Setting options for values

The Value mode column under the Type node settings displays a drop-down list of predefined values. Choosing the Specify option on this list and then clicking the gear icon opens a new screen where you can set options for reading, specifying, labeling, and handling values for the selected field.

Many of the controls are common to all types of data. These common controls are discussed here.

Measure. Displays the currently selected measurement level. You can change this setting to reflect the way that you intend to use data. For instance, if a field called day_of_week contains numbers that represent individual days, you might want to change this to nominal data in order to create a distribution node that examines each category individually.

Role. Used to tell modeling nodes whether fields will be Input (predictor fields) or Target (predicted fields) for a machine-learning process. Other roles are also available such as Both , None, Partition, Split, Frequency, or Record ID.

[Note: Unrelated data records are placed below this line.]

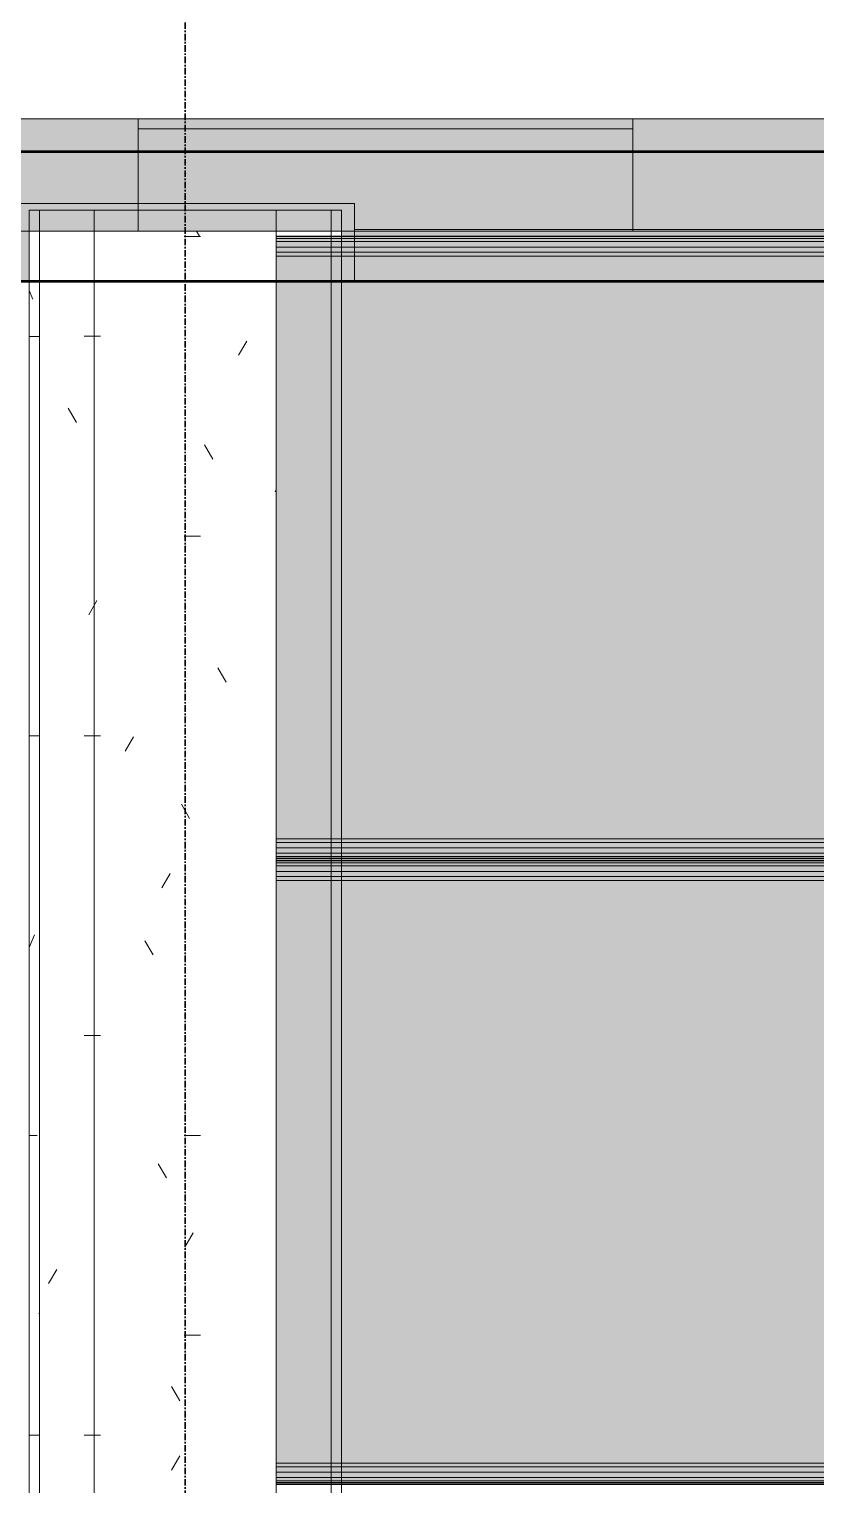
# Model space of a CAD drawing. Header units: inches. Extents: x -4126 to 2305, y -1116 to 12338.
# Drawn here: x -2185.3 to -2124.8, y 11984.7 to 12096.6 of the extents above; entities that cross this region are included whole.
import ezdxf

# ---------------------------------------------------------------- set-up
doc = ezdxf.new("R2010")
doc.units = ezdxf.units.IN
doc.header["$MEASUREMENT"] = 0
doc.linetypes.add('Grid Line 1_2_', pattern=[0.875, 0.5, -0.125, 0.125, -0.125])
for name, color, linetype, lineweight in [('A-WALL', 113, 'Continuous', 13), ('S-BEAM', 12, 'Continuous', 9), ('S-FNDN', 32, 'Continuous', 13), ('S-GRID', 1, 'Continuous', 9)]:
    doc.layers.add(name, color=color, linetype=linetype, lineweight=lineweight)
pattern_1 = [(0, (-1033.768, 0), (21.722, 7.68), [0.896, -15.396, 0.896, -15.396, -86.889]), (0, (-1033.768, 0), (21.722, 7.68), [-32.583, 0.896, -31.687, 0.896, -15.396, -38.014]), (0, (-1033.768, 0), (21.722, 7.68), [-81.459, 0.896, -9.965, 0.896, -26.257]), (112.208, (-1025.622, 3.84), (-15.564615, 22.7637026), [1.185, -20.367, 1.185, -20.367, -114.944]), (112.208, (-1025.622, 3.84), (-15.564615, 22.7637026), [-43.104, 1.185, -41.919, 1.185, -20.367, -50.288]), (112.208, (-1025.622, 3.84), (-15.564615, 22.7637026), [-107.76, 1.185, -13.183, 1.185, -34.735]), (247.792, (-1022.907, 19.2), (-6.15808, -30.444899), [1.185, -20.367, 1.185, -20.367, -114.944]), (247.792, (-1022.907, 19.2), (-6.15808, -30.444899), [-43.104, 1.185, -41.919, 1.185, -20.367, -50.288]), (247.792, (-1022.907, 19.2), (-6.15808, -30.444899), [-107.76, 1.185, -13.183, 1.185, -34.735])]
pattern_2 = [(0, (0, 0), (30.72, 7.68), [1.267, -21.773, 1.267, -21.773, -122.88]), (0, (0, 0), (30.72, 7.68), [-46.08, 1.267, -44.813, 1.267, -21.773, -53.76]), (0, (0, 0), (30.72, 7.68), [-115.2, 1.267, -14.093, 1.267, -37.133]), (120, (11.52, 3.84), (-22.011075, 22.7643004), [1.267, -21.773, 1.267, -21.773, -122.88]), (120, (11.52, 3.84), (-22.011075, 22.7643004), [-46.08, 1.267, -44.813, 1.267, -21.773, -53.76]), (120, (11.52, 3.84), (-22.011075, 22.7643004), [-115.2, 1.267, -14.093, 1.267, -37.133]), (240, (15.36, 19.2), (-8.708925, -30.4443004), [1.267, -21.773, 1.267, -21.773, -122.88]), (240, (15.36, 19.2), (-8.708925, -30.4443004), [-46.08, 1.267, -44.813, 1.267, -21.773, -53.76]), (240, (15.36, 19.2), (-8.708925, -30.4443004), [-115.2, 1.267, -14.093, 1.267, -37.133])]
pattern_3 = [(0, (-1139.556, 0), (21.722, 7.68), [0.896, -15.396, 0.896, -15.396, -86.889]), (0, (-1139.556, 0), (21.722, 7.68), [-32.583, 0.896, -31.687, 0.896, -15.396, -38.014]), (0, (-1139.556, 0), (21.722, 7.68), [-81.459, 0.896, -9.965, 0.896, -26.257]), (112.208, (-1131.41, 3.84), (-15.564615, 22.7637026), [1.185, -20.367, 1.185, -20.367, -114.944]), (112.208, (-1131.41, 3.84), (-15.564615, 22.7637026), [-43.104, 1.185, -41.919, 1.185, -20.367, -50.288]), (112.208, (-1131.41, 3.84), (-15.564615, 22.7637026), [-107.76, 1.185, -13.183, 1.185, -34.735]), (247.792, (-1128.694, 19.2), (-6.15808, -30.444899), [1.185, -20.367, 1.185, -20.367, -114.944]), (247.792, (-1128.694, 19.2), (-6.15808, -30.444899), [-43.104, 1.185, -41.919, 1.185, -20.367, -50.288]), (247.792, (-1128.694, 19.2), (-6.15808, -30.444899), [-107.76, 1.185, -13.183, 1.185, -34.735])]

# ---------------------------------------------------------------- blocks, each defined once
blk = doc.blocks.new('CTR - 1st Phase - Shell_rvt-1-FRAMING PLAN - 1ST FLOOR')
at = {"layer": 'A-WALL', "lineweight": 5, "transparency": 33554585}
h = blk.add_hatch(color=13, dxfattribs=at)
h.paths.add_polyline_path([(-2138.91, 12087.19), (-2105.45, 12087.19), (-2105.45, 12089.69), (-2138.91, 12089.69), (-2138.91, 12087.59)], flags=0)
h.paths.add_polyline_path([(-2484.14, 12087.19), (-2484.14, 12089.69), (-2519.41, 12089.69), (-2519.41, 12087.19)], flags=0)
h.paths.add_polyline_path([(-2176.94, 12087.19), (-2176.94, 12089.69), (-2273.31, 12089.69), (-2273.31, 12087.19), (-2181.03, 12087.19)], flags=0)
h.paths.add_polyline_path([(-2446.11, 12087.19), (-2407.34, 12087.19), (-2407.34, 12089.69), (-2446.11, 12089.69)], flags=0)
h.paths.add_polyline_path([(-2369.31, 12087.19), (-2348.79, 12087.19), (-2348.79, 12089.69), (-2369.31, 12089.69)], flags=0)
h.paths.add_polyline_path([(-2312.66, 12087.19), (-2311.34, 12087.19), (-2311.34, 12089.69), (-2312.66, 12089.69)], flags=0)
for points in [[(-2176.94, 12087.19), (-2138.91, 12087.19), (-2138.91, 12089.69), (-2176.94, 12089.69), (-2176.94, 12088.05)], [(-2138.91, 12081.06), (-2138.91, 12087.19), (-2176.94, 12087.19), (-2176.94, 12082.68), (-2161.32, 12082.68), (-2161.32, 12081.06)], [(-2184.54, 12081.06), (-2184.54, 12082.68), (-2185.32, 12082.68), (-2185.32, 12081.06)], [(-2181.03, 12081.06), (-2176.94, 12081.06), (-2176.94, 12082.68), (-2184.54, 12082.68), (-2184.54, 12081.06)], [(-2176.94, 12081.06), (-2162.11, 12081.06), (-2162.11, 12082.68), (-2176.94, 12082.68)], [(-2162.11, 12081.06), (-2161.32, 12081.06), (-2161.32, 12082.68), (-2162.11, 12082.68)]]:
    blk.add_hatch(color=13, dxfattribs=at).paths.add_polyline_path(points, flags=0)
h = blk.add_hatch(color=13, dxfattribs=at)
h.paths.add_polyline_path([(-2138.91, 12081.06), (-2105.45, 12081.06), (-2105.45, 12087.19), (-2138.91, 12087.19), (-2138.91, 12082.68)], flags=0)
h.paths.add_polyline_path([(-2185.32, 12081.06), (-2185.32, 12082.68), (-2176.94, 12082.68), (-2176.94, 12087.19), (-2273.31, 12087.19), (-2273.31, 12081.19), (-2194.09, 12081.19), (-2194.09, 12081.06)], flags=0)
h.paths.add_polyline_path([(-2433.5, 12081.19), (-2407.34, 12081.19), (-2407.34, 12087.19), (-2446.11, 12087.19), (-2446.11, 12081.19), (-2433.54, 12081.19)], flags=0)
h.paths.add_polyline_path([(-2519.41, 12081.19), (-2484.14, 12081.19), (-2484.14, 12087.19), (-2519.41, 12087.19), (-2519.41, 12084.16)], flags=0)
h.paths.add_polyline_path([(-2349.87, 12081.19), (-2348.79, 12081.19), (-2348.79, 12087.19), (-2369.31, 12087.19), (-2369.31, 12081.19), (-2351.26, 12081.19)], flags=0)
h.paths.add_polyline_path([(-2312.66, 12081.19), (-2311.34, 12081.19), (-2311.34, 12087.19), (-2312.66, 12087.19), (-2312.66, 12085.26)], flags=0)
at = {"layer": 'A-WALL', "color": 253}
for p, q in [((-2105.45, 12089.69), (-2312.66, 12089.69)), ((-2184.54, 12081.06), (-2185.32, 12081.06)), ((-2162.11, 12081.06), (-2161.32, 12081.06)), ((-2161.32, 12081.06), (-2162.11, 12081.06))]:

Value mode. Select a mode to determine values for the selected field. Choices for reading values include the following:
  • Read. Select to read values when the node runs.
  • Pass. Select not to read data for the current field.
  • Specify. Options here are used to specify values and labels for the selected field. Used with value checking, use this option to specify values that are based on your knowledge of the current field. This option activates unique controls for each type of field. You can't specify values or labels for a field whose measurement level is Typeless.
  • Extend. Select to append the current data with the values that you enter here. For example, if field_1 has a range from (0,10) and you enter a range of values from (8,16), the range is extended by adding the 16 without removing the original minimum. The new range would be (0,16).
  • Current. Select to keep the current data values.

Value Labels (Add/Edit Labels). In this section you can enter custom labels for each value of the selected field.

Max list length. Only available for data with a measurement level of either Geospatial or Collection. Set the maximum length of the list by specifying the number of elements the list can contain.

Max string length. Only available for typeless data. Use this field when you're generating SQL to create a table. Enter the value of the largest string in your data; this generates a column in the table that's big enough for the string. If the string length value is not available, a default string size is used that may not be appropriate for the data (for example, if the value is too small, errors can occur when writing data to the table; too large a value could adversely affect performance).

Check. Select a method of coercing values to conform to the specified continuous, flag, or nominal values. This option corresponds to the Check column in the main Type node settings, and a selection made here will override those in the main settings. Used with the options for specifying values and labels, value checking allows you to conform values in the data with expected values. For example, if you specify values as 1, 0 and then use the Discard. option here, you can discard all records with values other than 1 or 0.

Define missing values. Select to activate the following controls you can use to declare missing values or blanks in your data.
  • Missing values. Use this field to define specific values (such as 99 or 0) as blanks. The value should be appropriate for the storage type of the field.
  • Range. Used to specify a range of missing values (such as ages 1–17 or greater than 65). If a bound value is blank, then the range is unbounded. For example, if you specify a lower bound of 100 with no upper bound, then all values greater than or equal to 100 are defined as missing. The bound values are inclusive. For example, a range with a lower bound of 5 and an upper bound of 10 includes 5 and 10 in the range definition. You can define a missing value range for any storage type, including date/time and string (in which case the alphabetic sort order is used to determine whether a value is within the range).
  • Null/White space. You can also specify system nulls (displayed in the data as $null$) and white space (string values with no visible characters) as blanks. Note that the Type node also treats empty strings as white space for purposes of analysis, although they are stored differently internally and may be handled differently in certain cases.
Note: To code blanks as undefined or $null$, use the Filler node.